Here, the ‘du’ command (standing for ‘disk usage’) estimates disk space taken by directories. The ‘-h’ option tells ‘du’ to make the output human readable. The ‘–max-depth 1′ option tells ‘du’ not to dig down within folders. (Try issuing the command without this option and see what happens.) The ‘sort’ command then takes the output of ‘du’ and sorts it by human readable numbers (again, the ‘-h’ option). The extra ‘-r’ option simply tells sort to reverse the sort, so the largest folders come first. We could pipe this to ‘head’ to reduce the number of rows returned to, say, 5 rows:

jason@mintSandbox ~ $ du -h --max-depth 1 | sort -hr | head -n 5
7.3G	.
4.7G	./data
1.4G	./mount0
391M	./.cache
389M	./bash

Say you have a bunch of subdirectories of your current working directory, all including variously named files. You want to iterate over those files and apply some Bash command.

For instance, I have folders named 01, 02, 03, …, 31 (representing days in a month), and inside each of those folders sits various files. I wish to gzip each of those files individually. Here’s how I do that with a single line in Bash:

$ for d in */; do for f in $d*; do echo "gzip ${f}";gzip ${f};done; done

The [date] program in Linux is incredibly powerful, and can be used to modify dates very quickly. Here are some examples.

The current time in my present locale:

$ date
Thu Nov 13 15:41:12 MST 2014

The current time in UTC: (Use UTC, not GMT. One is an international standard of keeping time based on atomic clocks while the other is a local old-fashioned timezone based on when the sun is highest in the sky … which isn’t exactly accurate enough for international business. Plus, GMT isn’t even used when daylight saving time is in effect. Anyway…)

$ date --utc
Thu Nov 13 22:44:06 UTC 2014

The time one day ago in UTC:

$ date --utc -d "now -1 day"
Wed Nov 12 22:44:51 UTC 2014

A specific date minus one day, formatted as we wish:

date -d "2014-10-01 -1 day" +%Y-%m-%d
2014-09-30

See the manual page for date for more options.

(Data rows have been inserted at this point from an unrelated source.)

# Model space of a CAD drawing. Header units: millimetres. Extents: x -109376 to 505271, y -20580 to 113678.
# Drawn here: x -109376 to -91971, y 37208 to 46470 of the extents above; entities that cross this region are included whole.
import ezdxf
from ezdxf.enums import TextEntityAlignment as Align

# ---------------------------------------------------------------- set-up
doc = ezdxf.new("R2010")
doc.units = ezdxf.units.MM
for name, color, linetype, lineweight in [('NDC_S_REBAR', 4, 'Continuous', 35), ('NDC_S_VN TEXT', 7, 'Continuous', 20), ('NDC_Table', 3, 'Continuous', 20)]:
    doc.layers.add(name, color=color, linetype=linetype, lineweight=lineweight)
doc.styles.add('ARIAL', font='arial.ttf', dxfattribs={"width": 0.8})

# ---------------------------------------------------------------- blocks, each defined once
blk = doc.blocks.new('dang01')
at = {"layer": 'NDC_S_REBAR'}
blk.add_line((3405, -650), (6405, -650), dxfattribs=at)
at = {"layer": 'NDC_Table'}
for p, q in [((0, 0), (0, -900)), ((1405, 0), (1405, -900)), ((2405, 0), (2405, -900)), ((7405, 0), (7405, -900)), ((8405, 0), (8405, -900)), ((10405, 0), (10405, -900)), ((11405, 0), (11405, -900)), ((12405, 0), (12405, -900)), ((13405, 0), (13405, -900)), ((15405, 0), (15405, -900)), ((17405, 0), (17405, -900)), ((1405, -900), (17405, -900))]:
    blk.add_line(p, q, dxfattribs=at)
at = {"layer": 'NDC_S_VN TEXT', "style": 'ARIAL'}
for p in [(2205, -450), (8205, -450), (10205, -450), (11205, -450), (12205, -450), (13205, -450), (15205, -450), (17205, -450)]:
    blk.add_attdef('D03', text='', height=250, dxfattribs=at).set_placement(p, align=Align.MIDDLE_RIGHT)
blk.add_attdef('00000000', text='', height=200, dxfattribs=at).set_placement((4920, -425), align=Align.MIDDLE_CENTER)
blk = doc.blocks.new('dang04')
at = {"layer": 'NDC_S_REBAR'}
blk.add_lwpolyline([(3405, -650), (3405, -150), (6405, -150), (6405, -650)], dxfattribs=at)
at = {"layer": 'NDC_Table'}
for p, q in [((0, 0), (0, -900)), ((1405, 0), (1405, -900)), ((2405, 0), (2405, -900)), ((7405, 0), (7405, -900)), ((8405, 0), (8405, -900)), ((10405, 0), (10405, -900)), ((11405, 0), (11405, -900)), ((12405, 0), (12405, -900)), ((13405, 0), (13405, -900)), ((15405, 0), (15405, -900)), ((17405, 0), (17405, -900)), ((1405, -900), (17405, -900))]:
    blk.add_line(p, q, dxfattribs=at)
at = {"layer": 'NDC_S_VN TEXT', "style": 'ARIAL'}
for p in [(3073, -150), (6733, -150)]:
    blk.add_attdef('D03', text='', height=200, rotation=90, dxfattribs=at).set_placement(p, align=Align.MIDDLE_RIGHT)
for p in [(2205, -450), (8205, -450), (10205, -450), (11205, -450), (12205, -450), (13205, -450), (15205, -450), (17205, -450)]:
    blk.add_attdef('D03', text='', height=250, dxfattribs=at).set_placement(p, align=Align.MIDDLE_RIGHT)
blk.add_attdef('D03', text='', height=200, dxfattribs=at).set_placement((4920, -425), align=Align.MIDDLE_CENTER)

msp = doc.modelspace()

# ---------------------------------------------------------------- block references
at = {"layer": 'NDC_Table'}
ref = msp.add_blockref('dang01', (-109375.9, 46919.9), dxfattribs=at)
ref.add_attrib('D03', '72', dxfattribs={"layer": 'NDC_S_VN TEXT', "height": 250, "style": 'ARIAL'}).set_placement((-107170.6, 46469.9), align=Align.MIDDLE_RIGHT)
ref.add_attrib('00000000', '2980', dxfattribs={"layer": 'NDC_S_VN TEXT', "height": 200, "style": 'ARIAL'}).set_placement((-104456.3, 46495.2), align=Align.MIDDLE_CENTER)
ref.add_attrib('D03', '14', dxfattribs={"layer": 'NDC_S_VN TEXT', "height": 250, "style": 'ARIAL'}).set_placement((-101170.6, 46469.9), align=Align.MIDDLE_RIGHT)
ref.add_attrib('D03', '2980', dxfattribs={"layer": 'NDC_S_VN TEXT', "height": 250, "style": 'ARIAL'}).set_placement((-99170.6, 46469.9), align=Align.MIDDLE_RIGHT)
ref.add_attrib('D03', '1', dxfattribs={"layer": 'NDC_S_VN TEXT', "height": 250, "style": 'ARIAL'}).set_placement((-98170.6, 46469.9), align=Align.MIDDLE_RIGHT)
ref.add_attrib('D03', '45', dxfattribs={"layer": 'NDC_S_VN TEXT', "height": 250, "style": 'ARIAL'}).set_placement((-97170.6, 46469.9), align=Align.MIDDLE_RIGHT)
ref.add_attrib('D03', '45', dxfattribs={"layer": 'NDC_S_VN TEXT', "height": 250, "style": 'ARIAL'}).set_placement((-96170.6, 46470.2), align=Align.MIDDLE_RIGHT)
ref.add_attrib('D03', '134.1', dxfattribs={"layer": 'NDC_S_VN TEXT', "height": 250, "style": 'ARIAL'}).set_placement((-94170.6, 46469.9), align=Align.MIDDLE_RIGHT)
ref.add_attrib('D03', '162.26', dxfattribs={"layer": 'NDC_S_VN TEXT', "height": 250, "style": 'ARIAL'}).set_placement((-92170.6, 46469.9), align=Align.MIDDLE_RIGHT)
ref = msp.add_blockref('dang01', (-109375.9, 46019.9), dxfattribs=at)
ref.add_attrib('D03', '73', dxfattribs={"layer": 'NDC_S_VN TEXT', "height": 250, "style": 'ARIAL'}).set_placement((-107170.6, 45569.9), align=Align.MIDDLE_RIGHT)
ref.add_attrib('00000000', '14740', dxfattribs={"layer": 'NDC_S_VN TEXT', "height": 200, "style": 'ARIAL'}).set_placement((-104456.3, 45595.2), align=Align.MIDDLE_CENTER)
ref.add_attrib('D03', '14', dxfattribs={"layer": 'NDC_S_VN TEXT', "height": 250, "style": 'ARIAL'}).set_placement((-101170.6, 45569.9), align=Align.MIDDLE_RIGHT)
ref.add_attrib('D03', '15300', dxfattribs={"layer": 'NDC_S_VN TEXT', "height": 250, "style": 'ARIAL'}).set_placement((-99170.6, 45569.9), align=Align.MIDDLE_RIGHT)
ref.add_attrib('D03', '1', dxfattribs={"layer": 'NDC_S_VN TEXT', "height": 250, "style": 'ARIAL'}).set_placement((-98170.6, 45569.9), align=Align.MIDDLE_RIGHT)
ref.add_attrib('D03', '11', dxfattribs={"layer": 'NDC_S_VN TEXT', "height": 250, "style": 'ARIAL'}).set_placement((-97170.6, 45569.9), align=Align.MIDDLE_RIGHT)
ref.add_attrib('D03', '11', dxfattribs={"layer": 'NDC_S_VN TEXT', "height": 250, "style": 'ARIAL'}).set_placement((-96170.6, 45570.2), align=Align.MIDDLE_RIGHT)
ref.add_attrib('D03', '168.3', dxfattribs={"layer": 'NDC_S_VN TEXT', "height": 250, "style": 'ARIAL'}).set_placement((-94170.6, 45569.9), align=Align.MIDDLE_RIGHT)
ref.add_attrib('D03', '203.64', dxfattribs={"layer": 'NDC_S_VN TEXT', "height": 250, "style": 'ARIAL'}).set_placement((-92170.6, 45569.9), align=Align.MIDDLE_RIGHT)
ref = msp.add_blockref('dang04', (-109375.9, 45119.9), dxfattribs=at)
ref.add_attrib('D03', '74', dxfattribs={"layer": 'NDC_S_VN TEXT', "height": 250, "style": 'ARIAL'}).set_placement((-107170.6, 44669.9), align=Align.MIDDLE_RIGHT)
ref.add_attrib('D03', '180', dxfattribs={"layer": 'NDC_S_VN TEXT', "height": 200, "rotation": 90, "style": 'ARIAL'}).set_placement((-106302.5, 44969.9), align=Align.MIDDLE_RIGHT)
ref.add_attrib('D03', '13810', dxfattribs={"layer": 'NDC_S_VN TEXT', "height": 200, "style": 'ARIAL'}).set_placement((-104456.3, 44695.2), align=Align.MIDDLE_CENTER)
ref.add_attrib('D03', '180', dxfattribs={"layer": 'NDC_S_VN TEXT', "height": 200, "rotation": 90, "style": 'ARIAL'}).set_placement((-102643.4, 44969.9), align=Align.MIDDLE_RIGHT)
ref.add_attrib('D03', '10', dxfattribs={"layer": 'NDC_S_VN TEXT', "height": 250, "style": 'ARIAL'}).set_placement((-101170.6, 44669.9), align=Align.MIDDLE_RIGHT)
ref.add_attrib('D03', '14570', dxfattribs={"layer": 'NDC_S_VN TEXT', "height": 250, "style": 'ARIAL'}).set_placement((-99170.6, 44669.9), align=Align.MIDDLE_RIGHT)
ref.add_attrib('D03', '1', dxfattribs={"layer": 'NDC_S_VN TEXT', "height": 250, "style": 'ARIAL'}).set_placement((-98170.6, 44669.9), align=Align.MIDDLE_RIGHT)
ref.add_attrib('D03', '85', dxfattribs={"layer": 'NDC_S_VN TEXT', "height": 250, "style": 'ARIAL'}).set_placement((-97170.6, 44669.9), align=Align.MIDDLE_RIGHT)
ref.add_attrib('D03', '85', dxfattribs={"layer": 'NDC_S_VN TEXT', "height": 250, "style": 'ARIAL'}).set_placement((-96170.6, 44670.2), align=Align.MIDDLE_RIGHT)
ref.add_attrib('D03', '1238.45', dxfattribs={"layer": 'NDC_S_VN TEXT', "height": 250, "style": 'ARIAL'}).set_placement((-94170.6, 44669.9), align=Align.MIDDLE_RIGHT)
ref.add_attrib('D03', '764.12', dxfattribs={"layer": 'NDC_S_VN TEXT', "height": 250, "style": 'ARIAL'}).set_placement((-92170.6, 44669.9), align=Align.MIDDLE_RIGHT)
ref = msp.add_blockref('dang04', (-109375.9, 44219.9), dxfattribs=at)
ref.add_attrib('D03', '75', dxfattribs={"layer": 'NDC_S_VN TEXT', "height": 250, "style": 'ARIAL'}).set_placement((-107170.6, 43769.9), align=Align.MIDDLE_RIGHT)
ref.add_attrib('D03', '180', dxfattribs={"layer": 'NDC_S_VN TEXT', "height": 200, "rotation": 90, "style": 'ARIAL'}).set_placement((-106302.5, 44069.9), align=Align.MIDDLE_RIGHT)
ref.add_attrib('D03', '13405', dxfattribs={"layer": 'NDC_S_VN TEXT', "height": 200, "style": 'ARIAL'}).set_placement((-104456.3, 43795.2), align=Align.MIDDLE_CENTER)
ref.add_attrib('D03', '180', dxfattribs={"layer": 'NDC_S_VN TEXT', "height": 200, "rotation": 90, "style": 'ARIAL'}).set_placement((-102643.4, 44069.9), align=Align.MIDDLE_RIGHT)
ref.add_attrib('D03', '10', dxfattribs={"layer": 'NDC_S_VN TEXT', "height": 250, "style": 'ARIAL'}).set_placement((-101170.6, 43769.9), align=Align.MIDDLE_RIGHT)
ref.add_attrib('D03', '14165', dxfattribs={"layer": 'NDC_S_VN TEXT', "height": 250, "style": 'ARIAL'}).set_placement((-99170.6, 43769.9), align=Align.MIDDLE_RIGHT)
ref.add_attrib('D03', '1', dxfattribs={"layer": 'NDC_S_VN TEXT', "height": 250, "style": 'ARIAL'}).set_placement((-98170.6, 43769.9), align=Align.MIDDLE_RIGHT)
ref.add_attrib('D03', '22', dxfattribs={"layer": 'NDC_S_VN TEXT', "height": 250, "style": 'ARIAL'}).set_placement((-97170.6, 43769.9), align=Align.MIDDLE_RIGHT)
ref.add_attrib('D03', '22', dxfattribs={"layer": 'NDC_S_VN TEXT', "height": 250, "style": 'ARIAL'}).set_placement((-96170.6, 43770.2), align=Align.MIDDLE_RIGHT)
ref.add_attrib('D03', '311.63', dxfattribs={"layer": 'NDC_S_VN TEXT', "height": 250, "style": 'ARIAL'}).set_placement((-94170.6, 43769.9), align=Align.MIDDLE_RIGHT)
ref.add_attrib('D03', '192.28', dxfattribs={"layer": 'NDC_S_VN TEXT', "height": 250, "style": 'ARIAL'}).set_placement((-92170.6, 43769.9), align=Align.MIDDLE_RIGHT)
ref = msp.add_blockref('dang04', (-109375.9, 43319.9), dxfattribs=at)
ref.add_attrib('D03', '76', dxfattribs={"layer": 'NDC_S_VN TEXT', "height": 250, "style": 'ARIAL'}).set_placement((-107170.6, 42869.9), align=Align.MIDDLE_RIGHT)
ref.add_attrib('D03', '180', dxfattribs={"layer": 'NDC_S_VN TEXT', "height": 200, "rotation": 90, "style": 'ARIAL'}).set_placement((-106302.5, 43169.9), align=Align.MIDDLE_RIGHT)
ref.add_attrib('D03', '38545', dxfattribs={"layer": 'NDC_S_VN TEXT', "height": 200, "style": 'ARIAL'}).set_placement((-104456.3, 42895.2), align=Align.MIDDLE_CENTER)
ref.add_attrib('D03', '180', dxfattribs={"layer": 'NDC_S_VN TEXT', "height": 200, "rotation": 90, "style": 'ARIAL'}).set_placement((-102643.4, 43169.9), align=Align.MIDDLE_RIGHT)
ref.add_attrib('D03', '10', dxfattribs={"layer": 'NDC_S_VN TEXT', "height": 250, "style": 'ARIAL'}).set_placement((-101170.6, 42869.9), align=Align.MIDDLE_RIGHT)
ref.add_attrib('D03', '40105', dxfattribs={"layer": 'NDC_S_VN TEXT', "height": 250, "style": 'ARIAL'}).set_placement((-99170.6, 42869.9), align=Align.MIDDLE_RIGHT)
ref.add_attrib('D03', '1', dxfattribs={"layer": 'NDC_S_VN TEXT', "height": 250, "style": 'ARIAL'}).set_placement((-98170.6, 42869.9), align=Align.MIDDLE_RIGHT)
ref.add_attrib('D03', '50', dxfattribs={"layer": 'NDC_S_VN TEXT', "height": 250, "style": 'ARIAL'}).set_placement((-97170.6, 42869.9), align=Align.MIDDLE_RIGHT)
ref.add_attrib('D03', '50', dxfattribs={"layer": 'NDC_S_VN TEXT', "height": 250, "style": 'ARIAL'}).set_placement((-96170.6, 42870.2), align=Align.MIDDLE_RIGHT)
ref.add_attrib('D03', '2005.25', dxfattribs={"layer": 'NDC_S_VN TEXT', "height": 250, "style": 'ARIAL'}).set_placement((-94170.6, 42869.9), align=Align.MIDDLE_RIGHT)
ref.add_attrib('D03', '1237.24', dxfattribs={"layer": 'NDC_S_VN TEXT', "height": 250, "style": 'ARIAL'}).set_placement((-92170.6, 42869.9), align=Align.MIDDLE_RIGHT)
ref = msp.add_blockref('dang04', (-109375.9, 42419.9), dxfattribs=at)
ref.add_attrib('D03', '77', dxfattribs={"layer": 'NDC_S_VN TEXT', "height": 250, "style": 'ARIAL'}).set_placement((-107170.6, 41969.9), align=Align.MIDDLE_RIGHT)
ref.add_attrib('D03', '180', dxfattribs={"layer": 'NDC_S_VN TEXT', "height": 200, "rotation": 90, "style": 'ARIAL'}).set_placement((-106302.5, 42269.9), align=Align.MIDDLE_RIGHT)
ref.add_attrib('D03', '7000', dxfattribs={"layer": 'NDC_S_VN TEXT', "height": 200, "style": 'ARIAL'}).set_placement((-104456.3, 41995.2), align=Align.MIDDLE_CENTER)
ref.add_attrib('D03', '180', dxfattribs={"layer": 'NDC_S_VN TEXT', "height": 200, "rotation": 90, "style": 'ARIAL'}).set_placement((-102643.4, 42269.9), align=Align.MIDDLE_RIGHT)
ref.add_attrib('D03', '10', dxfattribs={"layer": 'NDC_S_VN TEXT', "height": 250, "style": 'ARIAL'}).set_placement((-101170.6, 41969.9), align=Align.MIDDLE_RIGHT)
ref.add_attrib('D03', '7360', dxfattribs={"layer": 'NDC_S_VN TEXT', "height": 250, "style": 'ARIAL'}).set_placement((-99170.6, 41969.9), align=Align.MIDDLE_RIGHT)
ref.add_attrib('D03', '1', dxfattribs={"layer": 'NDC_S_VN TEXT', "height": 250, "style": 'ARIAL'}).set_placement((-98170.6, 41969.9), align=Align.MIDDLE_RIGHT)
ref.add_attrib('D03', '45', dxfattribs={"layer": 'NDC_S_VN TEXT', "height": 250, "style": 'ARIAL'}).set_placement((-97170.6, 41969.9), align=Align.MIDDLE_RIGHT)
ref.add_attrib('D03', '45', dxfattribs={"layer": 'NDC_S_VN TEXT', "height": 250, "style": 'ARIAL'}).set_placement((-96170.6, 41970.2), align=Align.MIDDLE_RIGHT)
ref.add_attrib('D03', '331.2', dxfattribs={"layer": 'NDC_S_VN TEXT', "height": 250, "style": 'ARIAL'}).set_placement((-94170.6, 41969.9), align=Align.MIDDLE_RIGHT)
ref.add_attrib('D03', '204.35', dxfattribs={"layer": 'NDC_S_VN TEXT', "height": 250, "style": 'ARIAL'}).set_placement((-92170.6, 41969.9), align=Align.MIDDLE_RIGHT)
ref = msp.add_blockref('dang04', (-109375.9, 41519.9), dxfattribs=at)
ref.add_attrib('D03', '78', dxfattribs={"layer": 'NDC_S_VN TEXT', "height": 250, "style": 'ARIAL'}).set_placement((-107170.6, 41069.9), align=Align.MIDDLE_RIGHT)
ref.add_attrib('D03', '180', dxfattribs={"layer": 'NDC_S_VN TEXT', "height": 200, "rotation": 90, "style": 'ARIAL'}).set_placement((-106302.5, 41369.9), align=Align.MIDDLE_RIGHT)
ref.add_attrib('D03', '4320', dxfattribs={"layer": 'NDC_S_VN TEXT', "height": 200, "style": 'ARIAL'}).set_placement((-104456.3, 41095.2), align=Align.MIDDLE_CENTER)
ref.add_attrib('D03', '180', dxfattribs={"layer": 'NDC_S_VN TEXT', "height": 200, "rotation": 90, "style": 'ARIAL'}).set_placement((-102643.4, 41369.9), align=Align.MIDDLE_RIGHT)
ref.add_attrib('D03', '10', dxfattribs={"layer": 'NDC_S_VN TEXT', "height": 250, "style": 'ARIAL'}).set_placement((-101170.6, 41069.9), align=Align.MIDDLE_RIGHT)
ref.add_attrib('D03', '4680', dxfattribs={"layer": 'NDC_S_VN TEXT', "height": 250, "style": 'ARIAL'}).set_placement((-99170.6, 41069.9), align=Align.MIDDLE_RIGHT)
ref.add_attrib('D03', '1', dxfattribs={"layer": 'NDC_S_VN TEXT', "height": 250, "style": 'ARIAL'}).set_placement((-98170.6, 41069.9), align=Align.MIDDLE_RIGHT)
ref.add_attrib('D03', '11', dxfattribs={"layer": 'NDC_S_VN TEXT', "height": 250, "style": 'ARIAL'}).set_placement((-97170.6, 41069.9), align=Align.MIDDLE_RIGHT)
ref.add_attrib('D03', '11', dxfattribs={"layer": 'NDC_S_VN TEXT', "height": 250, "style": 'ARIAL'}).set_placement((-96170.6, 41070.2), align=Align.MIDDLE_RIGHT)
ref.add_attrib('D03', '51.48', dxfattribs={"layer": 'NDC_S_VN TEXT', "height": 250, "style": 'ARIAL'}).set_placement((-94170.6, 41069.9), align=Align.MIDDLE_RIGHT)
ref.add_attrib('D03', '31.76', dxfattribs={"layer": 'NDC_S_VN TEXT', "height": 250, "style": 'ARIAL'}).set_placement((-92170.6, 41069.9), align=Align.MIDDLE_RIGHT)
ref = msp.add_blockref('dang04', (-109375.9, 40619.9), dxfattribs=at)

Say you want to transfer a large file over your network with scp, but you don’t want to hoard all of the network resources for this transfer. You can limit scp’s bandwidth usage by using the -l (lower case L) option and specifying your bandwidth limit in Kbit/s.

So, if I want to transfer a file and limit the bandwidth used to 1MB/s, I’d first compute that 1MB is equal to 1024KB, which is again equal to 8192Kb. (Here B=Byte and b=bit.) So, we end up with the command:

$ scp -l 8192 file_to_transfer user@host:/path-on-other-end